» **To do**: Which lines in the records below contain the word "AQUA"? Return each of them.

Items listed in a dataset
-------
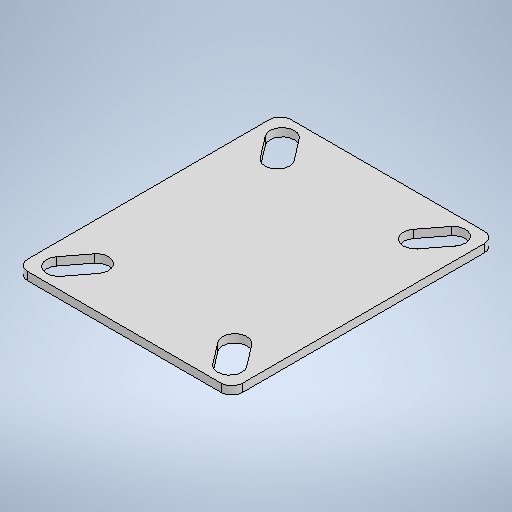
# Autodesk Inventor part: AQUA AISI304 4vv wheel plate 150
Saved by Autodesk Inventor 2025.1 (Build 291241020, 241B)
## iProperties
Created: 2024-11-20
Part Number: AQUA AISI304 4vv wheel plate 150
Material: Stainless Steel
Document SubType Name: Sheet Metal
Designer: user
Mass: 280.619 g
Surface Area: 364.406 cm^2
Volume: 35.0774 cm^3
Density: 8 g/cm^3
Sheet Metal Rule: AISI304 3mm Die 32
Sheet Metal Width: 80.000 mm
Sheet Metal Length: 98.000 mm
Sheet Metal Area: 7840.000 mm^2
Appearance: Default
Flat Pattern Width: 8 cm
Flat Pattern Length: 9.8 cm
Flat Pattern Area: 78.4 cm^2
Author: user
Autodesk Inventor part; units mm, degrees
ref_plane "YZ Plane" through (0, 0, 0) normal (1, 0, 0) x (0, 1, 0)
ref_plane "XZ Plane" through (0, 0, 0) normal (0, 1, 0) x (-1, 0, 0)
ref_plane "XY Plane" through (0, 0, 0) normal (0, 0, 1) x (1, 0, 0)
sketch "Sketch1" plane through (0, 0, 0) normal (0, 0, 1) x (1, 0, 0)
  line L0 (-40, -49) -> (40, -49)
  line L1 (40, -49) -> (40, 49)
  line L2 (40, 49) -> (-40, 49)
  line L3 (-40, 49) -> (-40, -49)
  line L4 (-40, -49) -> (40, 49) construction
  line L5 (40, -49) -> (-40, 49) construction
  point P0 (0, 0)
  dimension "d0" = 80
  dimension "d1" = 98
  measures "d0" distance of L2.end L1.end
  measures "d1" distance of L1.end L0.end
extrude "Plate1" add sketch "Sketch1" along normal blind 3
sketch "Sketch5" plane through (0, 0, 3) normal (0, 0, 1) x (1, 0, 0)
  line L0 (40, -49) -> (-40, -49) construction
  line L1 (40, 49) -> (40, -49) construction
  line L2 (-40, 49) -> (40, 49) construction
  line L3 (-40, -49) -> (-40, 49) construction
  line L4 (40, 49) -> (-40, 49) construction
  line L5 (-31.8479, 41.6146) -> (-25.7704, 33.6733) construction
  line L6 (-35.4215, 38.8797) -> (-29.344, 30.9385)
  line L7 (-22.1968, 36.4082) -> (-28.2744, 44.3495)
  arc A0 (-28.2744, 44.3495) -> (-35.4215, 38.8797) centre (-31.8479, 41.6146) ccw
  arc A1 (-29.344, 30.9385) -> (-22.1968, 36.4082) centre (-25.7704, 33.6733) ccw
  line L8 (0, 0) -> (-37.5, 49) construction
  point P0 (-28.8092, 37.644)
  dimension "d22" = 9
  dimension "d23" = 10
  dimension "d24" = 11
  dimension "d28" = 2.5
  constraints: 10 end point, 4 point on circle, 4 tangent, 2 centre point, 2 point on line, 1 collinear, 1 midpoint, 1 parallel
  measures "d22" diameter of A1
  measures "d23" distance of L5.end L5.start
  measures "d24" distance of L2.start L5.start
  measures "d28" distance of L8.end L2.start
extrude "Cut1" cut sketch "Sketch5" against normal blind 3
mirror "Mirror1" about plane through (0, 0, 0) normal (0, 1, 0) of "Cut1"
mirror "Mirror2" about plane through (0, 0, 0) normal (1, 0, 0) of "Cut1", "Mirror1"
fillet "Corner Round1" radius 4 4 edges at (-40, 49, 1.5) (40, 49, 1.5) (40, -49, 1.5) (-40, -49, 1.5)
equation "\"d25\" = Thickness"
equation "\"d2\" = Thickness"
equation "\"BendReliefWidth\" = Thickness"
equation "\"BendReliefDepth\" = 0.5 * Thickness"
equation "\"CornerReliefSize\" = 4 * Thickness"
equation "\"MinimumRemnant\" = 2 * Thickness"
equation "\"TransitionRadius\" = BendRadius"
equation "\"JacobiRadiusSize\" = BendRadius"
equation "\"GapSize\" = Thickness"
equation "\"Thickness\" = 3"
equation "\"BendRadius\" = 5"
body "Solid1"
-------
» **Your solution**:
# Autodesk Inventor part: AQUA AISI304 4vv wheel plate 150
Part Number: AQUA AISI304 4vv wheel plate 150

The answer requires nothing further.